The productivity of corn grains is directly associated with factors related to soil fertility, which are relevant to the application of gypsum (calcium sulphate), in addition to variables inherent to the grain. Thus, the objective of this study was to evaluate the variability of the physical properties of grains (circularity, roundness, bulk density, real density, volume and porosity) and production components (productivity and weight of 1,000 grains) of corn irrigated with increasing doses of gypsum, and evaluate the effects of direct and indirect associations of physical properties of grains and weight of 1,000 grains on grain productivity. The soil of the experiment was a Dystrophic Red Latosol.
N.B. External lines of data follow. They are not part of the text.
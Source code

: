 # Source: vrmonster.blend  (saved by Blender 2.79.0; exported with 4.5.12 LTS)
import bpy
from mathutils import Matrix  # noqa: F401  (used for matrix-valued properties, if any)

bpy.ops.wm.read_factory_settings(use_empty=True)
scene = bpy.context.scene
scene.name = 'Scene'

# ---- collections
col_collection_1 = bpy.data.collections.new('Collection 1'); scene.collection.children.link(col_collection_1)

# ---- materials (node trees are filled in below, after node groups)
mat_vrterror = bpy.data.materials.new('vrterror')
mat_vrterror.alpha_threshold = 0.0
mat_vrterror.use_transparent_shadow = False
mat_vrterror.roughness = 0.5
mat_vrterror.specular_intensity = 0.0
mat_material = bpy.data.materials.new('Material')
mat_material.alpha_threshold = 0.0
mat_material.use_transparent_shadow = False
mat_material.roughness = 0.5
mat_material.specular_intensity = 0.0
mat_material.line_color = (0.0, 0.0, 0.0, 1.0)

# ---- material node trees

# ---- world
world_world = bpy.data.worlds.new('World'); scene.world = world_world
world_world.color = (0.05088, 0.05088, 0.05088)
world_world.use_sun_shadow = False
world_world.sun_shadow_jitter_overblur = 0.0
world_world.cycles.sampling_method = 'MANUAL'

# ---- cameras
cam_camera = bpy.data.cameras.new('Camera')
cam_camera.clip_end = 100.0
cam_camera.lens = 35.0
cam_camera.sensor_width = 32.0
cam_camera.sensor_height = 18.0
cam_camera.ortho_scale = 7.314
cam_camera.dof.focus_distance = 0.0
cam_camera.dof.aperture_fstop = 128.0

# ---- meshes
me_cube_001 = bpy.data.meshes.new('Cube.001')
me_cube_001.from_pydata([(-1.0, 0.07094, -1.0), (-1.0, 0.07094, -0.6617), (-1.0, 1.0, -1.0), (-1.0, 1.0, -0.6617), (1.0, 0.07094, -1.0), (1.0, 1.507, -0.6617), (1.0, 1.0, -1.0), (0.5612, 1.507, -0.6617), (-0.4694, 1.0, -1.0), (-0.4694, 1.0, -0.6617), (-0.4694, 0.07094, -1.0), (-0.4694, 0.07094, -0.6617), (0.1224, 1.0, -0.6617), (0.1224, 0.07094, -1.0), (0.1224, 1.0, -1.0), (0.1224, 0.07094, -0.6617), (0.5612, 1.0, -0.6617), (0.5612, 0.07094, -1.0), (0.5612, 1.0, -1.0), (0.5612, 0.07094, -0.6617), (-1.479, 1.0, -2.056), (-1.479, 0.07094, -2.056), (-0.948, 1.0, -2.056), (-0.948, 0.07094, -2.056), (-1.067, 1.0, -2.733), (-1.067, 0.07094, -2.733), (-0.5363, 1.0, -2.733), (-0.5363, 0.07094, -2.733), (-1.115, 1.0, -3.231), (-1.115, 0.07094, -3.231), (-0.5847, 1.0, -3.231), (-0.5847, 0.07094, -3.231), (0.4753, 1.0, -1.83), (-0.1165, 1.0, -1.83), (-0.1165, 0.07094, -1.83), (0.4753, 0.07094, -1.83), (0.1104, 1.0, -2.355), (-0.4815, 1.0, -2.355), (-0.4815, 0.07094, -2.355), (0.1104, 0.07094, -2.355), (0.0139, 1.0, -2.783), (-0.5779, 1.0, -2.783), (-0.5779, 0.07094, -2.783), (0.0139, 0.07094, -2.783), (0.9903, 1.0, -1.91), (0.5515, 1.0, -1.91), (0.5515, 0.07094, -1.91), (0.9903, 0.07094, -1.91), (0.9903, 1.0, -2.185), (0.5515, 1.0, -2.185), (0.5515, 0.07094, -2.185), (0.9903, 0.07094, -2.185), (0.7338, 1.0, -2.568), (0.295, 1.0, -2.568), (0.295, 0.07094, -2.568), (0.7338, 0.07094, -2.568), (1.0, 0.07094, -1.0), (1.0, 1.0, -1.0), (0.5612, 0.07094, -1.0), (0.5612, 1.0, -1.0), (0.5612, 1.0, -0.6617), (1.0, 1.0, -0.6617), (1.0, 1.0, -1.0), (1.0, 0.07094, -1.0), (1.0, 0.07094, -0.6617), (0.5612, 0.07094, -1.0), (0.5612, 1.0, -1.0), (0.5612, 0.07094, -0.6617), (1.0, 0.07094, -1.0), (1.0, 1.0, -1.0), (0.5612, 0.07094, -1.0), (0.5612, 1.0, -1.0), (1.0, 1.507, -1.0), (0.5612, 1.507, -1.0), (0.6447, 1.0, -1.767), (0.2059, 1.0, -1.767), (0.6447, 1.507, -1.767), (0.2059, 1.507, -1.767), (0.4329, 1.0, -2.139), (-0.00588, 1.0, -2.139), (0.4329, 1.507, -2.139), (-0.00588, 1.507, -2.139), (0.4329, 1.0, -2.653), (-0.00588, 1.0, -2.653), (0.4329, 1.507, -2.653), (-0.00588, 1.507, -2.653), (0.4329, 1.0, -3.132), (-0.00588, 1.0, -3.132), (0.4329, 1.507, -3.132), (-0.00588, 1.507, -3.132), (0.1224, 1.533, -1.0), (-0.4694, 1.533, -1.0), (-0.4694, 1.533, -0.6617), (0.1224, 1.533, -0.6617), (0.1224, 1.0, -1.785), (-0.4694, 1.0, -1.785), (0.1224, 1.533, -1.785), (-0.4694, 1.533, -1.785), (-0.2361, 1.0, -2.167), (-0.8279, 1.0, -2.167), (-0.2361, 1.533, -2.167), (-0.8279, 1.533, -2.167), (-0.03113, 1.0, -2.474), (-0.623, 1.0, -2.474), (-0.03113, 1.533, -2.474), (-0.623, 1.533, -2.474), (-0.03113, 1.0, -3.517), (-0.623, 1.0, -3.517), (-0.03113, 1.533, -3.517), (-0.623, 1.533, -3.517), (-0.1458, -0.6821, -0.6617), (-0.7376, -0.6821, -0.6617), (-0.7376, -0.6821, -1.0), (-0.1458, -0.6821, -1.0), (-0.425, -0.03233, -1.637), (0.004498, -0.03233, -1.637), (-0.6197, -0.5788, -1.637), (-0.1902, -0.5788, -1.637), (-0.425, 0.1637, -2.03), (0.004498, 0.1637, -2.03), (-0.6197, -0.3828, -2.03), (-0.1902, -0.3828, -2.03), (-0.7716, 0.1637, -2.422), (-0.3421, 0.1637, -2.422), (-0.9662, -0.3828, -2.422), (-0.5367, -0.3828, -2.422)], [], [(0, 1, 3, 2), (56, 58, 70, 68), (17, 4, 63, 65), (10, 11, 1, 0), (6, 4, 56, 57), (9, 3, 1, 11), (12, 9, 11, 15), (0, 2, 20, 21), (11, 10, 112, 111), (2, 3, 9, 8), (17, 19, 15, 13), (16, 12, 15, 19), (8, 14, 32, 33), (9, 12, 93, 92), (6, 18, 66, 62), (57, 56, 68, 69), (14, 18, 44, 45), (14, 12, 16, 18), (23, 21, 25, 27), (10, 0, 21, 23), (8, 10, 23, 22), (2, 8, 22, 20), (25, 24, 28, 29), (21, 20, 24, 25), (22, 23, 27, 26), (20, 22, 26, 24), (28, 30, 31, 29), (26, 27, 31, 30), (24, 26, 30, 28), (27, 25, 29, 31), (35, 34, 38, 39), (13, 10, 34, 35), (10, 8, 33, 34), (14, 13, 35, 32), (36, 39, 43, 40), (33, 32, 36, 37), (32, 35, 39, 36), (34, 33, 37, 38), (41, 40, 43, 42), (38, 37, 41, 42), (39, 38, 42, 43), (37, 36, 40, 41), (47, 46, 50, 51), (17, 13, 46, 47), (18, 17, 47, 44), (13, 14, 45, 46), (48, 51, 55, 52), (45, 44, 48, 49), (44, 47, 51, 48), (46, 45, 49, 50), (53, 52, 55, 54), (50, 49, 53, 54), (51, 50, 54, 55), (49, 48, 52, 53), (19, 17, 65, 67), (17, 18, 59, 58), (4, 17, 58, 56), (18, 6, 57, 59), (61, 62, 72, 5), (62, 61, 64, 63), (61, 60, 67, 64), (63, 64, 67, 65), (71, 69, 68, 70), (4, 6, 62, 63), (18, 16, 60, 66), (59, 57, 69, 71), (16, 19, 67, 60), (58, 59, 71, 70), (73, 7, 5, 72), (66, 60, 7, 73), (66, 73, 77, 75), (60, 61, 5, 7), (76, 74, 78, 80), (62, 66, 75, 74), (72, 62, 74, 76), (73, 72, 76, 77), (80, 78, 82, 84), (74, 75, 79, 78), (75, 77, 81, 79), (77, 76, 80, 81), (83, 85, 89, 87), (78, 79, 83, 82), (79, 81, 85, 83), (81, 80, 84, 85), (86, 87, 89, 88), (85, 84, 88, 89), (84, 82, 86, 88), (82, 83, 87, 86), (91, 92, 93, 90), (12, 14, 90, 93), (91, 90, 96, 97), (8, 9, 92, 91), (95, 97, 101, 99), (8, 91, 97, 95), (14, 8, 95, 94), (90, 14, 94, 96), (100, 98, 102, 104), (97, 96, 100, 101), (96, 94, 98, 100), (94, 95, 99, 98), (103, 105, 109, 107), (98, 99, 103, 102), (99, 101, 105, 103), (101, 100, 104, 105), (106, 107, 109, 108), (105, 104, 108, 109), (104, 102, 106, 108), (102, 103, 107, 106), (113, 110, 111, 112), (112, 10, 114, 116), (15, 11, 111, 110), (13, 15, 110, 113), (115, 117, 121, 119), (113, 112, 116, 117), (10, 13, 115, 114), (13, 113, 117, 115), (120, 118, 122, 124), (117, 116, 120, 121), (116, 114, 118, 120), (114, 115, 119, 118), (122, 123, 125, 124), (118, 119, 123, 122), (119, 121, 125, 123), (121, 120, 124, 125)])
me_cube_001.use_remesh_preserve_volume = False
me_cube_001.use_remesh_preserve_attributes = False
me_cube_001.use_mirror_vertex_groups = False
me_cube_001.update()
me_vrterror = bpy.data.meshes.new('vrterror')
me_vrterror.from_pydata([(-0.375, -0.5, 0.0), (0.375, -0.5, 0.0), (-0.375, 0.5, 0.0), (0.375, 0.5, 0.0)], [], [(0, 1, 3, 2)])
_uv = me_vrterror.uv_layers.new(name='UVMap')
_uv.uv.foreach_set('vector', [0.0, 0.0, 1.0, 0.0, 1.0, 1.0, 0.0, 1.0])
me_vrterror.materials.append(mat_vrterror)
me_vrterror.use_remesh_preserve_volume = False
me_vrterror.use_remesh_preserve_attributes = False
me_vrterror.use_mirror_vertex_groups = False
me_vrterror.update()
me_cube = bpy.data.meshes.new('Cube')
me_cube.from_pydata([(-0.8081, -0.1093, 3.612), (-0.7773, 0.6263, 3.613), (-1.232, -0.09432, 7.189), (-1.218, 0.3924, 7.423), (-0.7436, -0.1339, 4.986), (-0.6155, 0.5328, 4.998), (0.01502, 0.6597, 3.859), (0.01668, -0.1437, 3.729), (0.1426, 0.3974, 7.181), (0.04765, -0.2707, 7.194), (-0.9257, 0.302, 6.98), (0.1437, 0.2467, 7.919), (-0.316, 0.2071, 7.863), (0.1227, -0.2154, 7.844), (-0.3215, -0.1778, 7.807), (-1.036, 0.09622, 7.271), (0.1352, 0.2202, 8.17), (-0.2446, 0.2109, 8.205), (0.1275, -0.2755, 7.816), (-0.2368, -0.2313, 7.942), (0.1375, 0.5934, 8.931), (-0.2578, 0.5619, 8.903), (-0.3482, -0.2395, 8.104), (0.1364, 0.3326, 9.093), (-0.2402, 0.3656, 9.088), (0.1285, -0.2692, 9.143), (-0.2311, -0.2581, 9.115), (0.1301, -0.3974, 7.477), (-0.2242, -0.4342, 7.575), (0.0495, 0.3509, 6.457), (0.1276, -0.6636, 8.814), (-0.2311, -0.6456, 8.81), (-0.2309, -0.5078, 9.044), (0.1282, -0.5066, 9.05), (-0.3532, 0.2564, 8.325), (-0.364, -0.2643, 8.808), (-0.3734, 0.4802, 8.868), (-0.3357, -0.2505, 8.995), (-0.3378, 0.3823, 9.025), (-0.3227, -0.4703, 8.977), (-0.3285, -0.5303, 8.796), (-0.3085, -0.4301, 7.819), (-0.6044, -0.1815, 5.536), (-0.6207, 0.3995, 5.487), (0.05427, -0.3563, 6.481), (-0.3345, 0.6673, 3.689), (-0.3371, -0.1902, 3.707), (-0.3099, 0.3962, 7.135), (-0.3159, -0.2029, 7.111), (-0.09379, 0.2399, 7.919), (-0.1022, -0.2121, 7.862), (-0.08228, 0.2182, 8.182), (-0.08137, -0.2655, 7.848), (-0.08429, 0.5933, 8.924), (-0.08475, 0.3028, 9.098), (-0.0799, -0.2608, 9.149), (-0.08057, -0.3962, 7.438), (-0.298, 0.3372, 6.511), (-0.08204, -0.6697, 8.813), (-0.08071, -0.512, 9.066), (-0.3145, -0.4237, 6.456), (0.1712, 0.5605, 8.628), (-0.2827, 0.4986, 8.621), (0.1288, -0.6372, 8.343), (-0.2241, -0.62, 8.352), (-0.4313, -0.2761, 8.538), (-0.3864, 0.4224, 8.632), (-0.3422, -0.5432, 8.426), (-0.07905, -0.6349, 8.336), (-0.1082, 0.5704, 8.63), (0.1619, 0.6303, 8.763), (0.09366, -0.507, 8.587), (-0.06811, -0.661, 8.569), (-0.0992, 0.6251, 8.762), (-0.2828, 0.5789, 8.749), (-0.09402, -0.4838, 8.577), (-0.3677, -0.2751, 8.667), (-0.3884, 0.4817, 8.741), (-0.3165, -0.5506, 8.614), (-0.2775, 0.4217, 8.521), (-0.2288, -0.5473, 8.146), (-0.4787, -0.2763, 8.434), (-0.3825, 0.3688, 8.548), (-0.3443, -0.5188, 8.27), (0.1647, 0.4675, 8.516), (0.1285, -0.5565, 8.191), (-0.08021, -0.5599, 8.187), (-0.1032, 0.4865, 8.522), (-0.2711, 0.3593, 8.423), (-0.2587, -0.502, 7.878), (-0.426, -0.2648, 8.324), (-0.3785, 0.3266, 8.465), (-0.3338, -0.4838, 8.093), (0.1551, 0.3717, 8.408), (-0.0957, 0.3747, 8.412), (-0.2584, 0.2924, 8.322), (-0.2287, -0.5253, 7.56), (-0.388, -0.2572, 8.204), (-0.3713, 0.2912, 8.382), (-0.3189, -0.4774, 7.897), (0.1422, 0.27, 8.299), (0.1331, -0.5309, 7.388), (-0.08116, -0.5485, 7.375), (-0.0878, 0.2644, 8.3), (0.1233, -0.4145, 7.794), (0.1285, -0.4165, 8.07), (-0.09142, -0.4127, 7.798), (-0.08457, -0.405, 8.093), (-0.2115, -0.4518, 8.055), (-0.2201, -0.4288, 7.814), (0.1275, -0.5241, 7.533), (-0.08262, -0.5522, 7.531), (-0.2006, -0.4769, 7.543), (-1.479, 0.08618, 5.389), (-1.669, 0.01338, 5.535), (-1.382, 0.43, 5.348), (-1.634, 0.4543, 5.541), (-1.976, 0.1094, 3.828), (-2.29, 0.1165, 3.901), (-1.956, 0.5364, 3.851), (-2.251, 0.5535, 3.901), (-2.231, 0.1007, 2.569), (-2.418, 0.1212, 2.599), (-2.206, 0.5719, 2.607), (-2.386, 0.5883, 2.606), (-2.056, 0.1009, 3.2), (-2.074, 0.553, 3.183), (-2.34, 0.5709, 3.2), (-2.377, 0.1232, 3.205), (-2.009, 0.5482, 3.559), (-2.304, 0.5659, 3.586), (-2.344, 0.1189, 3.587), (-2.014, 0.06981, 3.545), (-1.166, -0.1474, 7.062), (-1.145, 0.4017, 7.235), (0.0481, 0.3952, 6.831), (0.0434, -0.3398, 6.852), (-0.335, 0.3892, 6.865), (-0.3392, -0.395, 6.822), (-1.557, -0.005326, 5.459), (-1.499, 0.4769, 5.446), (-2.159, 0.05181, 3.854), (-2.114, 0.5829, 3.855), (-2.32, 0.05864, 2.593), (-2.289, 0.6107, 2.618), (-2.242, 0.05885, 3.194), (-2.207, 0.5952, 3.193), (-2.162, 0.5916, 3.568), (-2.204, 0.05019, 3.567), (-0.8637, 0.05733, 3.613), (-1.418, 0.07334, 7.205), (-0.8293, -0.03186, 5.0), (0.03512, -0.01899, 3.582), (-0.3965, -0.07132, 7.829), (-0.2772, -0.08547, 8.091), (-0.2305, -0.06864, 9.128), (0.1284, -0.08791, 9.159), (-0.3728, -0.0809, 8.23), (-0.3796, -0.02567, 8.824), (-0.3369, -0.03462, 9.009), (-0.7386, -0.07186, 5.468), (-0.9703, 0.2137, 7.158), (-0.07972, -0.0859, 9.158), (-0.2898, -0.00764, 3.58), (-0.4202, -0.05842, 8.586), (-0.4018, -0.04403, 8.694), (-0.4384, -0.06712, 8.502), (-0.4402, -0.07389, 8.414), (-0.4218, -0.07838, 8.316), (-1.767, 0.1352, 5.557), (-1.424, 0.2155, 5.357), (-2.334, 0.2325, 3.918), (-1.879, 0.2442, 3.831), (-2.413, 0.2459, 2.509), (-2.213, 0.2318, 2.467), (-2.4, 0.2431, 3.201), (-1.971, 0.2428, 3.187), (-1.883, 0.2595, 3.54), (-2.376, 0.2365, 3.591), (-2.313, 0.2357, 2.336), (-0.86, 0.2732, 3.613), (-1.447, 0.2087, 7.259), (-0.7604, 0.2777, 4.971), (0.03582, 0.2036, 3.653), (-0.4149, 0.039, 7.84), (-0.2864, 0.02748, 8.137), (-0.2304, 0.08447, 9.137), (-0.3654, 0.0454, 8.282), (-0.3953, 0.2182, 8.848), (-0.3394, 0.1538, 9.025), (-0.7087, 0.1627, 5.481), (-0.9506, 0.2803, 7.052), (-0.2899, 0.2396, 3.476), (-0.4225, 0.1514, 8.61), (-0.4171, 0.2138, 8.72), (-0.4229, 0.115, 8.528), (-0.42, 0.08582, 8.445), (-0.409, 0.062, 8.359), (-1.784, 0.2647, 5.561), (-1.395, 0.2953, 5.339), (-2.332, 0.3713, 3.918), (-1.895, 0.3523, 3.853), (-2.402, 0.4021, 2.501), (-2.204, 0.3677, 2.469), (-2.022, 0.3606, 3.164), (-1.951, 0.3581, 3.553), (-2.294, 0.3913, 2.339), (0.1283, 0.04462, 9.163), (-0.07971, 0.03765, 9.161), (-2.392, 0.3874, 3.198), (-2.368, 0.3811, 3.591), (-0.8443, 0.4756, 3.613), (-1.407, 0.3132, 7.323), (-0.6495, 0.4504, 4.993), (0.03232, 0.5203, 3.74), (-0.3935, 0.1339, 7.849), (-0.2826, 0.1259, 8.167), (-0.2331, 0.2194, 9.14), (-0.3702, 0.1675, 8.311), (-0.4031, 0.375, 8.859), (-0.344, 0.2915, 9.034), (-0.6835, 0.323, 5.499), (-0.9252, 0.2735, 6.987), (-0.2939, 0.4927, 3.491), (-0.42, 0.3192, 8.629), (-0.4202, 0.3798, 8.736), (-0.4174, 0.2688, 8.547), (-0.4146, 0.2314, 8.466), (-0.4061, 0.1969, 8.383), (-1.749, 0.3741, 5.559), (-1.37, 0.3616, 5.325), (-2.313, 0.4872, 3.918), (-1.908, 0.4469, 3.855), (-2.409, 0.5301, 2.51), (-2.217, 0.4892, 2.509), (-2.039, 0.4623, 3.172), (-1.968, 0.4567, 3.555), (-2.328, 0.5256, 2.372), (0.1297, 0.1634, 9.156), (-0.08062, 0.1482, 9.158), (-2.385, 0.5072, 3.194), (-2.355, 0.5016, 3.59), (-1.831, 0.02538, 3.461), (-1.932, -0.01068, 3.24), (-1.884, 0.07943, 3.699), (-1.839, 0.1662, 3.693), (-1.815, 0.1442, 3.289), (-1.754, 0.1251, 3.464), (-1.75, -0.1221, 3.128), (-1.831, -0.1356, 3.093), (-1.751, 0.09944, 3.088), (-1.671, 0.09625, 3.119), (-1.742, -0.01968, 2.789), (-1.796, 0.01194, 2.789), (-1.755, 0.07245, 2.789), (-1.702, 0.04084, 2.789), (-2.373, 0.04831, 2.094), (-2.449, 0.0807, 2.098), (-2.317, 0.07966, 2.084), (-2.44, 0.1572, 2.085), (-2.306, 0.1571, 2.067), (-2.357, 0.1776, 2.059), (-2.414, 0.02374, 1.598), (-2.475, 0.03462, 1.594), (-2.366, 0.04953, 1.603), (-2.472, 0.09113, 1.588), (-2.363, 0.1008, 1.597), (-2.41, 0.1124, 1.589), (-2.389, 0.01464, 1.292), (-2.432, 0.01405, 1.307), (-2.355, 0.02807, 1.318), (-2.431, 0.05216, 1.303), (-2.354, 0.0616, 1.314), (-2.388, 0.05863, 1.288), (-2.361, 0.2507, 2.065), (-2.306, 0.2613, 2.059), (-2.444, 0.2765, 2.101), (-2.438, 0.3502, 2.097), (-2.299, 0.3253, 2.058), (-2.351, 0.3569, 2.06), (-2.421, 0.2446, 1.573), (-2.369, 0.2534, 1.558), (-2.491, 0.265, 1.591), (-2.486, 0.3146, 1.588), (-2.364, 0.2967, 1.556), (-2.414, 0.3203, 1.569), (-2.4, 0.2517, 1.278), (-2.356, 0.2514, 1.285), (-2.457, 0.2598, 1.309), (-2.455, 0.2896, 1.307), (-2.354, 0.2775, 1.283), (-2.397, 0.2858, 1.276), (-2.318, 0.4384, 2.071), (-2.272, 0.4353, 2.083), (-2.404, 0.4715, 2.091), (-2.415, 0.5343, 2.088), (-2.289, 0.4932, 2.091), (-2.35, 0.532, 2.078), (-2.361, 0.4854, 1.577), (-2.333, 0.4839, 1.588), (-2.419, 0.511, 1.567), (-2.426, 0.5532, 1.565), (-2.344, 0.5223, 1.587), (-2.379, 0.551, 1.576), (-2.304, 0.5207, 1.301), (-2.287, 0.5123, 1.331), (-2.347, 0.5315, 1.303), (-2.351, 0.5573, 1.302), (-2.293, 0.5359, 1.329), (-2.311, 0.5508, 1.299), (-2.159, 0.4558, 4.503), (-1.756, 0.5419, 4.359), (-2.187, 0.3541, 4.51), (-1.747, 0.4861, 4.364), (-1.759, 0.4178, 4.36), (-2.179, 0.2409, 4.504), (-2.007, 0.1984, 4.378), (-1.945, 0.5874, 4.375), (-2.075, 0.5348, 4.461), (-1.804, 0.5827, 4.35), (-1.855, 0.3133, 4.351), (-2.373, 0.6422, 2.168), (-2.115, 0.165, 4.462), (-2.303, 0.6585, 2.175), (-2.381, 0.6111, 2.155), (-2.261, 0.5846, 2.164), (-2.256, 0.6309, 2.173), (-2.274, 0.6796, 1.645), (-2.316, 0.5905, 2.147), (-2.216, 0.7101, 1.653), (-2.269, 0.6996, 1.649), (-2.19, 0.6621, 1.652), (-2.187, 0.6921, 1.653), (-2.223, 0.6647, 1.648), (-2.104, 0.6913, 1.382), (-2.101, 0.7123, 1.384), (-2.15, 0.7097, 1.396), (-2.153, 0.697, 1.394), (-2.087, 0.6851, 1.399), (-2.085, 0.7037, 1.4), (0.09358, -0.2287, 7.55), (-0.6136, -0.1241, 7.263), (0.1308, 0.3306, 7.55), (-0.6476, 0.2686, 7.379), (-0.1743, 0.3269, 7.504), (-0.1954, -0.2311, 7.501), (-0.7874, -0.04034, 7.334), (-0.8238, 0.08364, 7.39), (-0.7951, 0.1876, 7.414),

The experiment was conducted using a random blocks design. An analysis of variance by F test and a univariate regression analysis were performed regarding the relations among culture variables with different doses of gypsum (0.0, 2.5, 5.0, 7.5 and 10 t ha-1). An analysis of variance by t test was also performed together with a multivariate analysis using a path analysis with multicollinearity in order to analyze the direct and indirect effects of the physical properties of grains and weight of 1,000 grains on productivity. The bulk density of the grains had a direct effect on productivity of corn grains. In addition, the decrease in bulk density in function of the increase of gypsum doses is attributed to a greater increase in porosity in relation to weight of 1,000 grains.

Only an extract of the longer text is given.